Вспомнил о нем во «Вступительном слове» к сборнику «Советский рассказ 20—30-х годов» (1990) Ю. М. Нагибин. Написал, страстно осуждая сталинскую расправу с писателями: «Был разгромлен один из лучших новеллистов нашей литературы Владимир Козин, нежно любимый Андреем Платоновым, которого к тому времени (подразумевается 1937 год) вовсе перестали печатать. Помню, как многие недоумевали: а Козин-то чем не угодил? Ни в политику, ни в государственные заботы он не лезет, пишет о нежных, чистых людях, поет их добрую любовь, радость жизни, единство с природой. А вот этого-то не положено винтикам. Нельзя растрачивать свои чувства на посторонние предметы: любить надо Сталина, ему же радоваться, с ним объединяться. Читая Козина, можно подумать, что прелесть жизни разбросана по всей земле, а не сосредоточена в одном человеке с трубкой. Козин казался с виду крепким, веселым, жизнерадостным малым, но душа у него была хрупкая и сломалась. Он жил и писал еще много лет, но писателя Козина, каким он был в тридцатые годы, не стало».

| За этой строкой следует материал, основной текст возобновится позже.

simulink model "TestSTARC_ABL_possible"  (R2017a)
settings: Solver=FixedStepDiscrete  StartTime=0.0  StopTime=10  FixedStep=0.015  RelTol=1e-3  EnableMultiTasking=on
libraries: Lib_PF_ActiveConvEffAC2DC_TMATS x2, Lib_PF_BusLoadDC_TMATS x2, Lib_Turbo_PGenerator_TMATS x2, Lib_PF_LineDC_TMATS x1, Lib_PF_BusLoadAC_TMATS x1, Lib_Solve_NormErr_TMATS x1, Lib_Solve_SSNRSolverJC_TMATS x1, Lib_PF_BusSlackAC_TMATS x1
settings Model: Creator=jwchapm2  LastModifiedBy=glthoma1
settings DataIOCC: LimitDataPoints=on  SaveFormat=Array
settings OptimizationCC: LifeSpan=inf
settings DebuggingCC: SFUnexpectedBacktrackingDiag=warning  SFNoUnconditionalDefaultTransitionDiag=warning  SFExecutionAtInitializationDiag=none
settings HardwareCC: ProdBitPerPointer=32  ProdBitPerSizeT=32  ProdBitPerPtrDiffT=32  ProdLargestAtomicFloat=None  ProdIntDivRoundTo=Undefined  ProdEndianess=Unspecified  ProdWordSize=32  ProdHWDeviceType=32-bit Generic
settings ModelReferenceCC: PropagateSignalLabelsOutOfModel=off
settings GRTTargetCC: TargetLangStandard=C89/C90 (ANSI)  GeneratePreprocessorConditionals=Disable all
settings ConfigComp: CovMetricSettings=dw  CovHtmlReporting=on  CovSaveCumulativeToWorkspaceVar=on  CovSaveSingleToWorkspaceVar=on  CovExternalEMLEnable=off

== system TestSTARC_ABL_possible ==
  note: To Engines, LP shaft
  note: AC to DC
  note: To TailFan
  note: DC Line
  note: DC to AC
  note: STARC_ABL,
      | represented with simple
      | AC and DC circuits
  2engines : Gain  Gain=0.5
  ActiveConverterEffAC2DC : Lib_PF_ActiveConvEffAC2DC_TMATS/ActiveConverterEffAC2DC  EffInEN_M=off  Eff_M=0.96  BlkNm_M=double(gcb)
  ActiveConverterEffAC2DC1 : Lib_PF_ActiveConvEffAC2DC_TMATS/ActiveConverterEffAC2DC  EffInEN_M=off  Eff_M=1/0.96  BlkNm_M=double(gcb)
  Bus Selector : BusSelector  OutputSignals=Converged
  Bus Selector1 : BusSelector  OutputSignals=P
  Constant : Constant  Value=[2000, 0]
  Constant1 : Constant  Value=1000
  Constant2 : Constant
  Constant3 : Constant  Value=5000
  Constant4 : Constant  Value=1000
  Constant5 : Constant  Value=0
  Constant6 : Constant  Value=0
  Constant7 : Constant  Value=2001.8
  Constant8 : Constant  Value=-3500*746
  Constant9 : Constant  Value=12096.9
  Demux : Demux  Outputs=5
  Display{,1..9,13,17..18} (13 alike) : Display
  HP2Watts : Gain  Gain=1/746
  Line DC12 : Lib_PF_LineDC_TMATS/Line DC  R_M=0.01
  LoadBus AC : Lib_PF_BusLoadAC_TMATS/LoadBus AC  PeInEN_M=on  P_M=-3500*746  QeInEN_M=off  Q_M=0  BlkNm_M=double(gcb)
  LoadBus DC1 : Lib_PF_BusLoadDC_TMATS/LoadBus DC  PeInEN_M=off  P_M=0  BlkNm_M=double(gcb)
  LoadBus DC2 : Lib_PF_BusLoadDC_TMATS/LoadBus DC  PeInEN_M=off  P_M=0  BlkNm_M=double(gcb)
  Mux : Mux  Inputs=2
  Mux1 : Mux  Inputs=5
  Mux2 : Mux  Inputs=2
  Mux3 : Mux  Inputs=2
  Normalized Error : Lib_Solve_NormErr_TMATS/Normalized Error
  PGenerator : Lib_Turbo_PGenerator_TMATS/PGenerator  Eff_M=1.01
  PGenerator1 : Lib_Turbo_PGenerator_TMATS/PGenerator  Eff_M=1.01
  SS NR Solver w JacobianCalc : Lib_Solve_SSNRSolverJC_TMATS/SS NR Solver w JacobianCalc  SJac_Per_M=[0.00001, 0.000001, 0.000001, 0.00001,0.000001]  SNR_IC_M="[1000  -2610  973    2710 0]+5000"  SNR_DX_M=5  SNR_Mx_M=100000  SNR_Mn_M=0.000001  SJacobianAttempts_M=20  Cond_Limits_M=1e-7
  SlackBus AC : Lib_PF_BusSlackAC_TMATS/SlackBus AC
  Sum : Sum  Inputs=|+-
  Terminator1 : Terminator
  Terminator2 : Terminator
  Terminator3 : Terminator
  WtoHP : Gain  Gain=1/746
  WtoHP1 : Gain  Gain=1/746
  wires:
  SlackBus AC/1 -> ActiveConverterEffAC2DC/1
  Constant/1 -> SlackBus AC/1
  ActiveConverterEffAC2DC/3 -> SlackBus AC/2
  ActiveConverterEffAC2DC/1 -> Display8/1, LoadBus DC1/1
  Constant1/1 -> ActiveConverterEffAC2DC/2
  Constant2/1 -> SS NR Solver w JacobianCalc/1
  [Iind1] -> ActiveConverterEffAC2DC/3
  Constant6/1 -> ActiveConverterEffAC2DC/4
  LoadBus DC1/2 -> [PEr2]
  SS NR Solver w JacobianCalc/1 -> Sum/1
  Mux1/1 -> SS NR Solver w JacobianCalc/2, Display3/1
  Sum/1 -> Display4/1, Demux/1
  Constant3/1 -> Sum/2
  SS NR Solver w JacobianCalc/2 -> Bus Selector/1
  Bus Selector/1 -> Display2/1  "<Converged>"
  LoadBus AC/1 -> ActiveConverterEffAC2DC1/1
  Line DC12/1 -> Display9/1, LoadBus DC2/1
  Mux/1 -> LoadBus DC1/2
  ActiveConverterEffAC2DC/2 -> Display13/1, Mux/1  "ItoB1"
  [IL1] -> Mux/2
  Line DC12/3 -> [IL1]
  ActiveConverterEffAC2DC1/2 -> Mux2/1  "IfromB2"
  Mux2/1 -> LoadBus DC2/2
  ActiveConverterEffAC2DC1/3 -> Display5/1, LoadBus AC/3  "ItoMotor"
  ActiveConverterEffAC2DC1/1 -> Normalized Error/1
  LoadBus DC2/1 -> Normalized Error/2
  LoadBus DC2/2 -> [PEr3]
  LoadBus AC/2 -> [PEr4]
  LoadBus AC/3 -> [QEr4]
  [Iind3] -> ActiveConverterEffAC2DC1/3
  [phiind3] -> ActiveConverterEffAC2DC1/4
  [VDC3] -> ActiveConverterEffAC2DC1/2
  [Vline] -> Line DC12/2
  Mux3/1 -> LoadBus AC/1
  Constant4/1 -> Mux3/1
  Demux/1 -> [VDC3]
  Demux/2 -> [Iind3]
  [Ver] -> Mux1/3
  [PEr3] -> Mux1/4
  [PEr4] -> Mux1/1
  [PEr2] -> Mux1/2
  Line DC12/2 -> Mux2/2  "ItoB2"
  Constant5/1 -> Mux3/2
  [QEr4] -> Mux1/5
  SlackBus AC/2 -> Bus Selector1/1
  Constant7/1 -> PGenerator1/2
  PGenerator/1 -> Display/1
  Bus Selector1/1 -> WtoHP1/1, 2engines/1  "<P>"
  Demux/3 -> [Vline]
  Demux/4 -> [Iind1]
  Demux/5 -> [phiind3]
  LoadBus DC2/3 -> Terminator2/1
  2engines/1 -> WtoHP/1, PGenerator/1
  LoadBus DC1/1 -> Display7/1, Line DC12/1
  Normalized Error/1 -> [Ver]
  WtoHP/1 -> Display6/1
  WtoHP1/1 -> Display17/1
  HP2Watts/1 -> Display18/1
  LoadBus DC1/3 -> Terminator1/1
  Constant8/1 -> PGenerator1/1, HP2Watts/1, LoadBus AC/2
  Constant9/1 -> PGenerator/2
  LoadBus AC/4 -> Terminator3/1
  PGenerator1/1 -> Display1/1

Высветив в прошлом уголок, в котором видим неких любящих Козина и болеющих за него душой читателей, энергичное и проникновенное нагибинское слово тем не менее обрывается в пустоту, не произведя ничего дельного, поскольку ни одна строчка «одного из лучших наших новеллистов» в упомянутый сборник так и не оказалась включенной.
Роль литературных Шлагбаумов в писательской судьбе Козина и посмертном его забвении более или менее ясна. Но гораздо ценнее для нас утвердить ту в сущности простую истину, что не они определяли становление и развитие его замечательного дара рассказчика. Небольшую повесть «Как я учился писать» Владимир Романович начинает следующим образом: «Моя литературная родина – Туркмения, страна пустынь и знойных оазисов. В Туркменистане во мне созрело чувство простора – эта первая мужественность писателя, – любовь к разнообразной обширности человеческих дел, замыслов, свершений.
Дотуркменская моя жизнь изобиловала живыми связями с советским Востоком: Дагестан, Кабарда, Баку, Азербайджан, – жестокая борьба с саранчой на иранской границе, конные скитания в неведомых горах Курдистана, научные экспедиции в Низменном и Нагорном Карабахе».
(…) В пустыне я понял силу неожиданных красок: днем – бледное небо и бледные измятые пески, больше ничего; вечером – великий закат спускается с неба в голубых, лиловых, оранжевых, красных, зеленых, синих полосах, они переливаются, живут, пылая внезапно; от этой легкой бесконечности всех цветов и оттенков нельзя оторвать воспаленных глаз.
Я возвращался из пустыни в оазис, полный горячих воспоминаний. В полуденный зной, когда и куры в своих тенистых ямках дышали, раскрыв клюв, я – голый – садился в угол своей фанерной комнаты и, заливаясь потом, писал обо всем, чем поразила меня пустыня.
Я писал и в походных палатках, лежа на животе, когда дул свирепый «афганец» и заветренный песок засыпал мои листы, и в глинобитных кибитках у звонких арыков или тихих колодцев, на коврах и пыльных кошмах, рядом со спящими пастухами, исследователями, строителями, заготовителями. Я был переполнен суровой, отчетливой жизнью – своей, своих товарищей по опасностям и труду, своей страны».
О том, что присуще его рассказам в полной мере – образности и краткости – Козин рассуждает так: «Эстетическая энергия образа зависит от реализма воображения, то есть от полноты, противоречивости, убедительности сочетаний, слагающих строение, единство образа. Чем противоречивее образ (…), тем образ жизненнее. (…) Потеря образа – великая потеря: она влечет за собой утрату эстетически деятельной, действующей в смене поколений, энергии образа, утрату народности.
Народ лаконичен в своих образных суждениях, сказках, былинах, летописях. Труд новеллиста обязывал меня быть кратким. Меня всегда радовало трудное сочетание точности и краткости. Новее сущее должно развиваться, дабы не отмереть. Возможности свободного развития искусства слова безграничны. Древний лаконизм прекрасен, но человечество жаждет обогащения и обновления прекрасного. Возникает новизна краткости, уплотненности – неолаконизм».
И Владимир Романович приводит пример того, как он учился краткости: «Всю осень 1932 года я писал большой рассказ «Кресло директора». Рассказ волновался, то вздымаясь, то опадая. Мальчишеские восторги сменялись мужицкой яростью, матросскими угрозами по своему собственному адресу. (…) Множество привычных слов не звенело, не строилось литыми строками, не было убедительным, все бывшие слова я выталкивал, выгонял, как лодырей, жадно выбрасывал.